Дементьев выносит мне приговор обвинительный. Он причисляет меня к последователям Веселовского. Хотя, говорит он, мне и казалось, что я отхожу от его позиций, но на самом деле я их утверждала. Доказательства: и я изучала литературные формы (значит, я формалист), и я изучала генезис. Дальше Дементьев повторяет то, что ему нашептала Вулих со слов Тронского. Не читая моих работ и не имея образования, Дементьев свободно дает ответственные научные оценки. Несколько раз он подчеркивает правильность «установок» Тронского и любовно кивает в его сторону (XXX: 15, 78–79).
В этот момент рассказ достигает высокого пафоса:
Встаю для последнего слова. Вынимаю из портфеля учебник Тронского. Соня, умолявшая меня не портить с Тронским отношений, замирает. У моих друзей перехватывает дыхание.
Теперь я сбрасываю маску и стою грудь с грудью к собранию. Никакая пружина не может сравниться с упругостью моего святого возмущения.
Я выхожу на средину зала, выпрямляюсь, руки держу за спиной. Я стою перед ними, грудь и лицо подняты к ним. В позе бесстрашия, с гневными глазами, я бросаю в этих палачей свою волю и свою правду. Сурово, грозово, изнемогая от внутренней страсти, я им твердо говорю: да, я принимаю и подчиняюсь партийной линии, но вы не можете меня заставить под видом партийности принять и то, с чем я всю жизнь боролась, с чем буду бороться и впредь. Какое право имеет Тронский делать мне диктаты? Кто он? Как он попал в мои учители? Он выступает против генезиса? Так вот куда он ведет, к теории синкретизма. Мы попадаем туда именно тогда, когда отвергаем все другие объяснения генезиса античной литературы. «Я думала, что сам Тронский расскажет о своих взглядах. Однако он дважды укрыл свои позиции, позволяя себя критиковать других» (что-то в этом роде). И я зачитала цитату из учебника, где наглец говорит о Веселовском и теории синкретизма.

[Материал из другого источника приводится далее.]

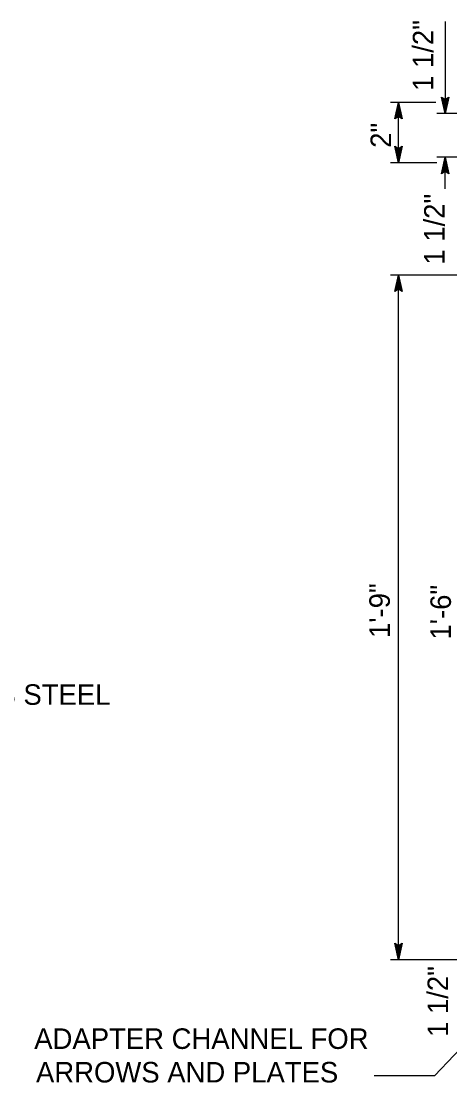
# Model space of a CAD drawing. Extents: x -894 to 866, y -476 to 714.
# Drawn here: x 198.2 to 354.6, y 58.3 to 445.9 of the extents above; entities that cross this region are included whole.
import ezdxf

# ---------------------------------------------------------------- set-up
doc = ezdxf.new("R2010")
doc.units = 0
doc.layers.add('56 Stage 3 Anno', color=7, linetype='Continuous')
doc.layers.add('57 Undefined', color=7, linetype='Continuous')

msp = doc.modelspace()

# ---------------------------------------------------------------- linework, layer by layer
at = {"layer": '56 Stage 3 Anno'}
for p, q in [((352.97, 445.82), (352.97, 412.2)), ((349.58, 416.2), (332.97, 416.2)), ((334.63, 410.2), (335.97, 416.2)), ((334.99, 410.42), (335.97, 414.82)), ((335.97, 394.2), (335.97, 416.2)), ((335.97, 416.2), (335.97, 416.2)), ((335.97, 416.2), (337.3, 410.2)), ((335.97, 414.81), (336.94, 410.44)), ((352.97, 412.2), (351.64, 418.2)), ((351.64, 418.2), (351.64, 418.2)), ((351.64, 418.2), (352.97, 417.4)), ((352.97, 413.59), (352, 417.97)), ((352.97, 414.97), (352.35, 417.79)), ((352.97, 416.35), (352.71, 417.56)), ((352.97, 417.4), (354.31, 418.2)), ((354.31, 418.2), (352.97, 412.2)), ((353.96, 417.99), (352.97, 413.58)), ((353.6, 417.75), (352.97, 414.97)), ((353.25, 417.58), (352.97, 416.35)), ((354.31, 418.2), (354.31, 418.2)), ((335.97, 411), (334.63, 410.2)), ((335.35, 410.65), (335.97, 413.44)), ((335.69, 410.83), (335.97, 412.06)), ((335.97, 413.44), (336.59, 410.62)), ((335.97, 412.06), (336.24, 410.85)), ((337.3, 410.2), (335.97, 411)), ((376.97, 412.2), (349.97, 412.2)), ((352.97, 412.2), (352.97, 412.2)), ((334.63, 410.2), (334.63, 410.2)), ((337.3, 410.2), (337.3, 410.2)), ((335.97, 394.2), (334.64, 400.2)), ((334.64, 400.2), (334.64, 400.2)), ((334.64, 400.2), (335.97, 399.4)), ((335.97, 395.6), (335, 399.97)), ((335.97, 396.97), (335.35, 399.79)), ((335.97, 398.35), (335.71, 399.56)), ((335.97, 399.4), (337.31, 400.2)), ((337.31, 400.2), (335.97, 394.2)), ((336.96, 399.99), (335.97, 395.58)), ((336.6, 399.75), (335.97, 396.97)), ((336.25, 399.58), (335.97, 398.35)), ((337.31, 400.2), (337.31, 400.2)), ((374.97, 396.2), (349.97, 396.2)), ((351.63, 390.2), (352.97, 396.2)), ((352.97, 384.7), (352.97, 396.2)), ((352.97, 396.2), (352.97, 396.2)), ((352.97, 396.2), (354.3, 390.2)), ((349.91, 394.2), (332.97, 394.2)), ((335.97, 394.2), (335.97, 394.2)), ((351.99, 390.42), (352.97, 394.82)), ((352.35, 390.65), (352.97, 393.44)), ((352.69, 390.83), (352.97, 392.06)), ((352.97, 394.81), (353.94, 390.44)), ((352.97, 393.44), (353.59, 390.62)), ((352.97, 392.06), (353.24, 390.85)), ((352.97, 391), (351.63, 390.2)), ((351.63, 390.2), (351.63, 390.2)), ((354.3, 390.2), (352.97, 391)), ((354.3, 390.2), (354.3, 390.2)), ((372.97, 353.2), (332.97, 353.2)), ((334.63, 347.2), (335.97, 353.2)), ((335.97, 103.2), (335.97, 353.2)), ((335.97, 353.2), (335.97, 353.2)), ((335.97, 353.2), (337.3, 347.2)), ((334.99, 347.42), (335.97, 351.82)), ((335.35, 347.65), (335.97, 350.44)), ((335.69, 347.83), (335.97, 349.06)), ((335.97, 351.81), (336.94, 347.44)), ((335.97, 350.44), (336.59, 347.62)), ((335.97, 349.06), (336.24, 347.85)), ((335.97, 348), (334.63, 347.2)), ((334.63, 347.2), (334.63, 347.2)), ((337.3, 347.2), (335.97, 348)), ((337.3, 347.2), (337.3, 347.2)), ((335.97, 103.2), (334.64, 109.2)), ((334.64, 109.2), (334.64, 109.2)), ((334.64, 109.2), (335.97, 108.4)), ((335.97, 104.6), (335, 108.97)), ((335.97, 105.97), (335.35, 108.79)), ((335.97, 107.35), (335.71, 108.56)), ((335.97, 108.4), (337.31, 109.2)), ((337.31, 109.2), (335.97, 103.2)), ((336.96, 108.99), (335.97, 104.58)), ((336.6, 108.75), (335.97, 105.97)), ((336.25, 108.58), (335.97, 107.35)), ((337.31, 109.2), (337.31, 109.2)), ((372.97, 103.2), (332.97, 103.2)), ((335.97, 103.2), (335.97, 103.2)), ((379.97, 93.53), (349.08, 60.78)), ((349.08, 60.78), (327.07, 60.78))]:
    msp.add_line(p, q, dxfattribs=at)

# ---------------------------------------------------------------- texts
at = {"layer": '57 Undefined'}
for s, p in [('1 1/2"', (348.65, 420.43)), ('2"', (333.22, 399.65)), ('1 1/2"', (352.79, 357)), ('1\'-9"', (332.77, 220.67)), ('1\'-6"', (355.07, 220.1)), ('1 1/2"', (354.02, 75))]:
    msp.add_text(s, height=7.5, rotation=90, dxfattribs=at).set_placement(p)
for s, p in [('0.1046" STAINLESS STEEL', (104, 196.26)), ('ADAPTER CHANNEL FOR', (202.94, 70.62)), ('ARROWS AND PLATES', (203.58, 58.36))]:
    msp.add_text(s, height=7.5, dxfattribs=at).set_placement(p)

doc.saveas('drawing.dxf')

Эффект был непередаваем… (XXX: 15, 79–80)
Как понимать эту театральную сцену? Как понимает эту ситуацию – и свою позицию – сам автор?
Мотивировало ли ее желание «спастись от бандитов» (даже и ценой притворства и затронув других, своих «врагов» на кафедре) – или, сама того не замечая, она в этой своей второй речи перевела разговор «в план по существу», излагая давно накопившиеся методологические претензии к учебнику Тронского? Понимала ли она, что ей все-таки не удалось «сохранить чистые руки»? Или ею владел в этот момент «дух борца»? (Пользуюсь здесь терминами самой Фрейденберг.) Может ли быть, что пафос борьбы с учебником Тронского, который владел ею и вне политических проработок, диктовал эту гневную речь? (Она не раз с неодобрением пишет об эволюционной методологии Тронского, о непонимании им генезиса (XXX: 15, 79).) Сознавала ли она, что «в эту острую политическую минуту» такая методологическая критика, пусть и справедливая, могла стать «политическим, полицейским обвинением» с ее стороны? (Так она описывала ситуацию, говоря о нападках на нее Вулих и Тронского.) Понимала ли она двойственность своего положения тогда, когда, несколько месяцев спустя, описывала эту сцену в записках?